For the examination, three holdings are non-negotiable: Mobilox on the meaning and threshold test of a dispute; Macquarie Bank on the directory nature of Section 9(3)(c) and lawyer-issued notices; and K. Kishan on a challenged arbitral award as a pre-existing dispute. Layered with the Section 4 one-crore threshold, the Article 137 limitation rule from B.K. Educational Services and Sabarmati Gas, and the expansive definition of operational debt in Consolidated Construction Consortium, these authorities furnish a complete and defensible account of how an operational creditor initiates CIRP.
Frequently asked questions
Is a Section 8 demand notice mandatory before filing under Section 9?
Yes in substance. Although Section 8(1) uses “may,” the Tribunals treat service of a valid Section 8 demand notice as a condition precedent to a Section 9 application. Without it the operational creditor has no cause of action, because the corporate debtor must first be given the ten-day window to pay or to raise a dispute.
What did Mobilox v Kirusa decide about the “existence of a dispute”?
In Mobilox Innovations (P) Ltd. v. Kirusa Software (P) Ltd., (2018) 1 SCC 353, the Supreme Court held that the Adjudicating Authority must reject a Section 9 application so long as a dispute truly exists in fact and is not spurious, hypothetical or illusory. It need only find a plausible contention requiring investigation; it does not decide the merits. The Court also read “and” in Section 8(2)(a) as “or.”

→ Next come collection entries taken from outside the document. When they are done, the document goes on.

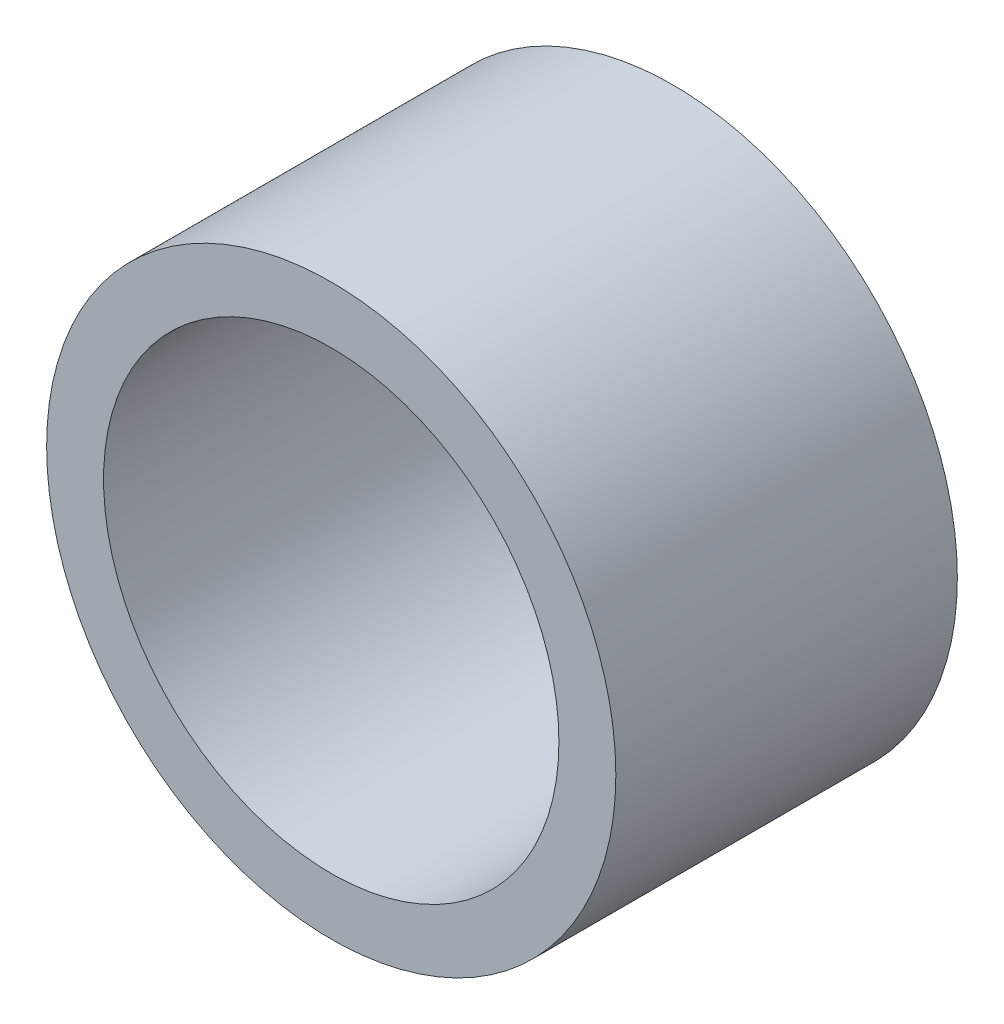
from build123d import *

# Parameters (mm, degrees)
SKETCH1_R           = 7.9375
SKETCH1_R_2         = 6.35
BOSS_EXTRUDE1_DEPTH = 9.525


with BuildPart() as part:
    # Sketch1 → Boss-Extrude1 (new body)
    with BuildSketch(Plane.XY):
        Circle(SKETCH1_R)
        Circle(SKETCH1_R_2, mode=Mode.SUBTRACT)
    extrude(amount=BOSS_EXTRUDE1_DEPTH)


solid = part.part
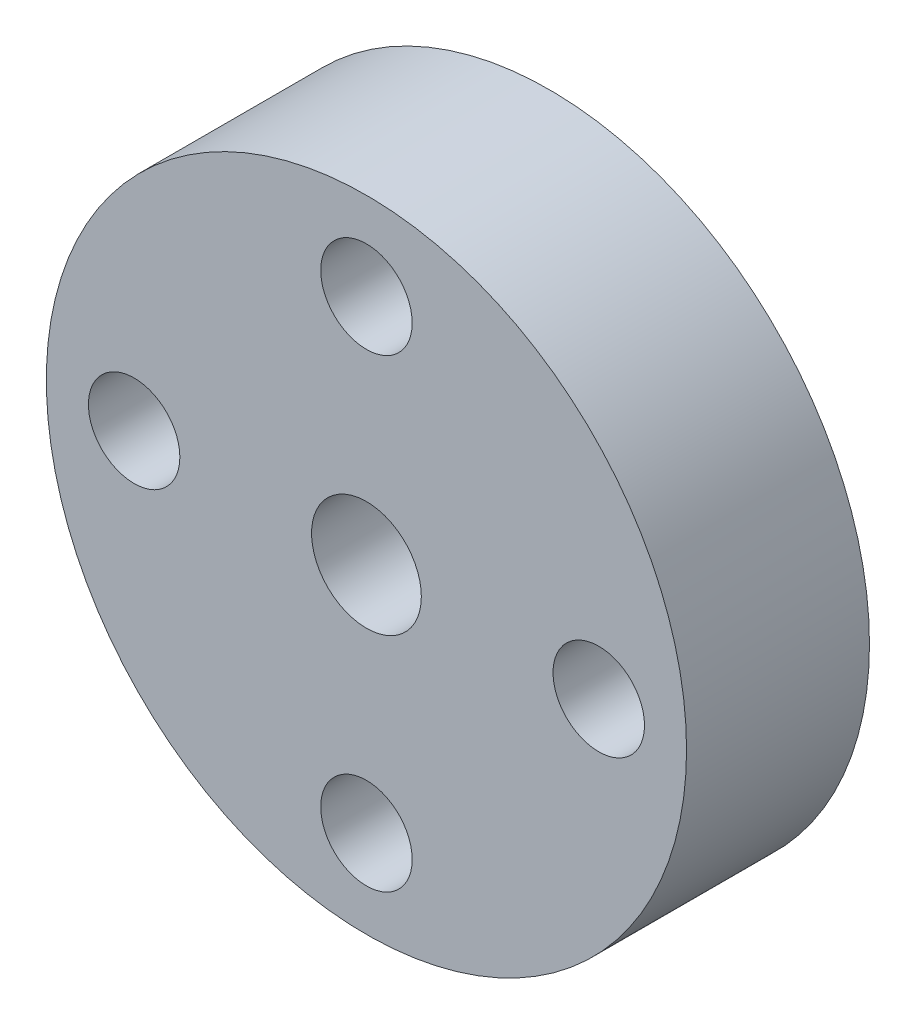
from build123d import *

# Parameters (mm, degrees)
SKETCH_1_R             = 8.75
EXTRUDE_1_DEPTH        = 5
HOLE_WIZARD_M3_1_D     = 2.5
HOLE_WIZARD_M3_1_DEPTH = 5
SKETCH_4_R             = 1.5
CUT_EXTRUDE_1_DEPTH    = 6


with BuildPart() as part:
    # 스케치1 → 보스-돌출1 (new body)
    with BuildSketch(Plane.XY):
        Circle(SKETCH_1_R)
    extrude(amount=EXTRUDE_1_DEPTH)

    # M3 나사 구멍1
    with Locations(Plane.XY.offset(5)):
        with Locations((0, 6.35), (6.35, 0), (0, -6.35), (-6.35, 0)):
            Hole(HOLE_WIZARD_M3_1_D / 2, depth=HOLE_WIZARD_M3_1_DEPTH)

    # 스케치4 → 컷-돌출1 (cut, through all)
    with BuildSketch(Plane.XY.offset(5)):
        Circle(SKETCH_4_R)
    extrude(amount=-CUT_EXTRUDE_1_DEPTH, mode=Mode.SUBTRACT)


solid = part.part

Must the dispute pre-date the demand notice?
Yes. The dispute that bars a Section 9 application must be a pre-existing one that arose before the Section 8 notice; a debtor cannot fabricate a dispute for the first time in reply. In K. Kishan v. Vijay Nirman Co. (P) Ltd., (2018) 17 SCC 662, a pending Section 34 challenge to an arbitral award was held to be such a pre-existing dispute, barring CIRP.
Can a lawyer issue the Section 8 demand notice?
Yes. In Macquarie Bank Ltd. v. Shilpi Cable Technologies Ltd., (2018) 2 SCC 674, the Supreme Court held that a lawyer or authorised agent acting on the instructions of the operational creditor may validly issue the demand notice, reading Sections 8 and 9 with Section 30 of the Advocates Act, 1961. The agent must, however, hold authority from the creditor.
Is the financial-institution certificate under Section 9(3)(c) compulsory?
No. Macquarie Bank Ltd. v. Shilpi Cable Technologies Ltd., (2018) 2 SCC 674, held Section 9(3)(c) to be directory, not mandatory. The certificate is one means of proving non-payment; a creditor who cannot obtain it — for instance, one banking abroad — may establish default through other documents.
What is the minimum default amount for an operational creditor's application?
Under Section 4, the threshold is one crore rupees for applications filed on or after 24 March 2020, raised from one lakh rupees by Notification S.O. 1205(E). A Section 9 application for a default below one crore is not maintainable, and the operational creditor must pursue ordinary civil remedies instead.